Problem to solve — The lines to output run from the first line of the entries below through the line containing "- moved D1 44.7 mm to (57.4, 7.25)"; copy them exactly and leave out pictures.

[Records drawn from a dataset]
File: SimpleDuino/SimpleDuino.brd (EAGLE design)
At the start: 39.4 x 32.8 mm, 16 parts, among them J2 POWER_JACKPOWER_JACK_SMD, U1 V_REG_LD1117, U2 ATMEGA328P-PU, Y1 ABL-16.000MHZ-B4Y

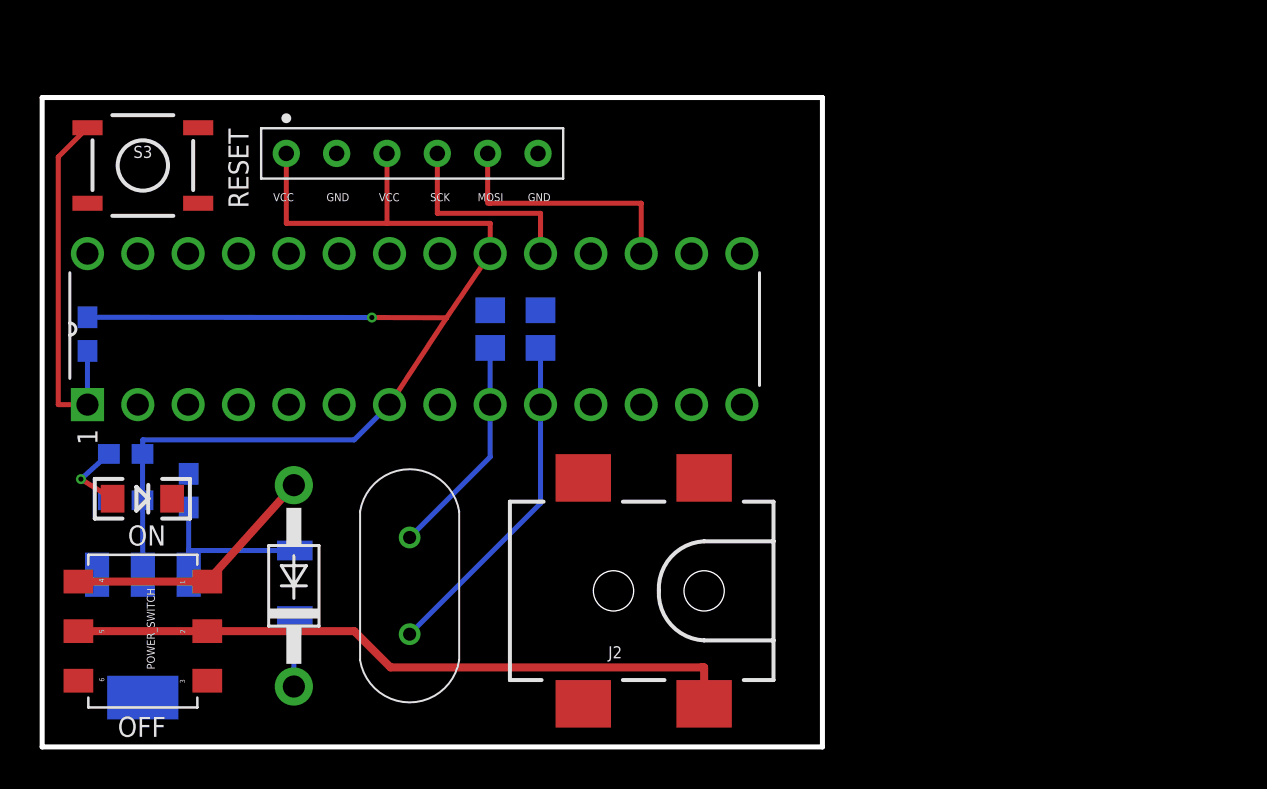
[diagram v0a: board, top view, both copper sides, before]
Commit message: Added additional headers and restructured pcb layout.
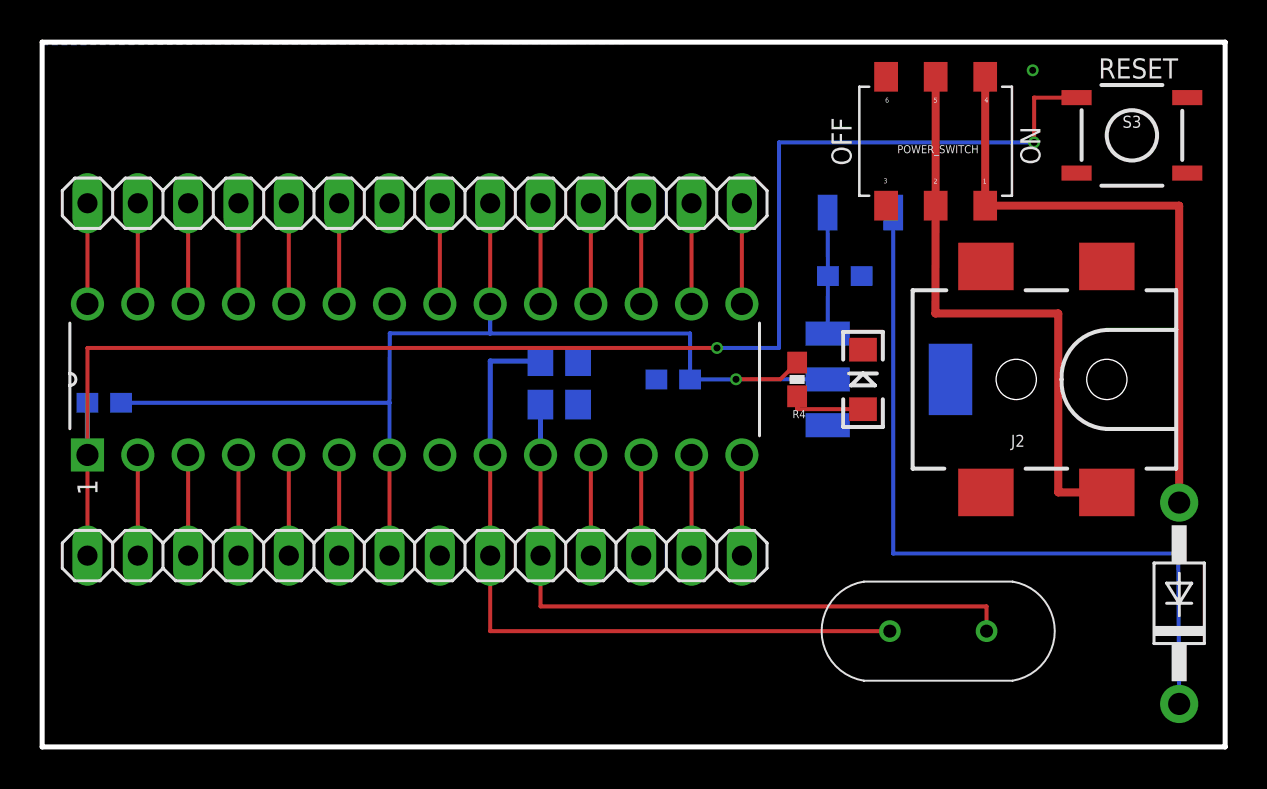
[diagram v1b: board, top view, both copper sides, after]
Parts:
- removed APA102_PINOUT: 929974-01-06-RK9, SamacSys_Parts:929974-01-06-RK
- added JP1, JP4: (no value), pinhead:1X14
- moved S3 49.9 mm to (55.0, 30.9)
- moved POWER_SWITCH 47.0 mm to (45.1, 30.6), turned to 180 degrees
- moved D1 44.7 mm to (57.4, 7.25)
- moved U1 39.8 mm to (42.7, 18.5), turned to 90 degrees
- moved LED2 36.9 mm to (41.4, 18.5), turned to 90 degrees
- moved C6 34.8 mm to (40.5, 23.8), turned to 180 degrees
- moved F1 34.1 mm to (41.3, 27.0), turned to 0 degrees
- moved R4 34.1 mm to (38.1, 18.5), flipped to the top, turned to 90 degrees
- moved C7 28.3 mm to (31.8, 18.5)
- moved Y1 26.8 mm to (45.2, 5.84), turned to 0 degrees
- moved J2 23.0 mm to (53.7, 18.5)
- moved C5 3.92 mm to (26.1, 17.3), turned to 180 degrees
- moved C4 3.84 mm to (26.1, 19.5), turned to 180 degrees
- moved R5 3.57 mm to (3.13, 17.4), turned to 0 degrees
- moved U2 2.54 mm to (35.3, 22.4)
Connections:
- removed net MOSI: APA102_PINOUT.5, U2.17
- removed net N$3: C4.1, U2.9, Y1.1
- removed net N$6: C5.1, U2.10, Y1.2
- removed net N$7: R5.2, S3.1, U2.1
- removed net SCK: APA102_PINOUT.4, U2.19
- new net 10_PB7: C5.1, JP1.10, U2.10, Y1.2
- new net 11_PD5: JP1.11, U2.11
- new net 12_PD6: JP1.12, U2.12
- new net 13_PD7: JP1.13, U2.13
- new net 14_PB0: JP1.14, U2.14
- new net 15_PB1: JP4.14, U2.15
- new net 16_PB2: JP4.13, U2.16
- new net 17_PB3: JP4.12, U2.17
- new net 18_PB4: JP4.11, U2.18
- new net 19_PB5: JP4.10, U2.19
- new net 1_PC6: JP1.1, R5.2, S3.1, U2.1
- new net 23_PC0: JP4.6, U2.23
- new net 24_PC1: JP4.5, U2.24
- new net 25_PC2: JP4.4, U2.25
- new net 26_PC3: JP4.3, U2.26
- new net 27_PC4: JP4.2, U2.27
- new net 28_PC5: JP4.1, U2.28
- new net 2_PD0: JP1.2, U2.2
- new net 3_PD1: JP1.3, U2.3
- new net 4_PD2: JP1.4, U2.4
- new net 5_PD3: JP1.5, U2.5
- new net 6_PD4: JP1.6, U2.6
- new net 9_PB6: C4.1, JP1.9, U2.9, Y1.1
- new net AREF: JP4.8, U2.21
- net GND: now also JP1.8, JP4.7; no longer APA102_PINOUT.2, APA102_PINOUT.6
- net VCC: now also JP1.7, JP4.9; no longer APA102_PINOUT.1, APA102_PINOUT.3
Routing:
- net 1_PC6: track 0.00 -> 75.6 mm, vias 0 -> 2
- net 9_PB6: track 0.00 -> 36.3 mm
- net N$1: track 4.07 -> 39.2 mm
- net 10_PB7: track 0.00 -> 33.9 mm
- net N$7: track 18.8 -> 0.00 mm
- net N$9: track 13.0 -> 31.3 mm
- net N$6: track 17.2 -> 0.00 mm
- net MOSI: track 12.9 -> 0.00 mm
- net N$3: track 11.2 -> 0.00 mm
- net SCK: track 10.3 -> 0.00 mm
- net VCC: track 66.1 -> 60.7 mm
- net 6_PD4: track 0.00 -> 5.08 mm
- net 5_PD3: track 0.00 -> 5.08 mm
- net 4_PD2: track 0.00 -> 5.08 mm
- net 3_PD1: track 0.00 -> 5.08 mm
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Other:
- board size 39.4 x 32.8 mm -> 59.7 x 35.6 mm
- board text removed: "GND"
- board text removed: "MOSI"
- board text removed: "SCK"
- board text removed: "VCC"

Output of the exercise —
File: SimpleDuino/SimpleDuino.brd (EAGLE design)
At the start: 39.4 x 32.8 mm, 16 parts, among them J2 POWER_JACKPOWER_JACK_SMD, U1 V_REG_LD1117, U2 ATMEGA328P-PU, Y1 ABL-16.000MHZ-B4Y

[diagram v0a: board, top view, both copper sides, before]
Commit message: Added additional headers and restructured pcb layout.
[diagram v1b: board, top view, both copper sides, after]
Parts:
- removed APA102_PINOUT: 929974-01-06-RK9, SamacSys_Parts:929974-01-06-RK
- added JP1, JP4: (no value), pinhead:1X14
- moved S3 49.9 mm to (55.0, 30.9)
- moved POWER_SWITCH 47.0 mm to (45.1, 30.6), turned to 180 degrees
- moved D1 44.7 mm to (57.4, 7.25)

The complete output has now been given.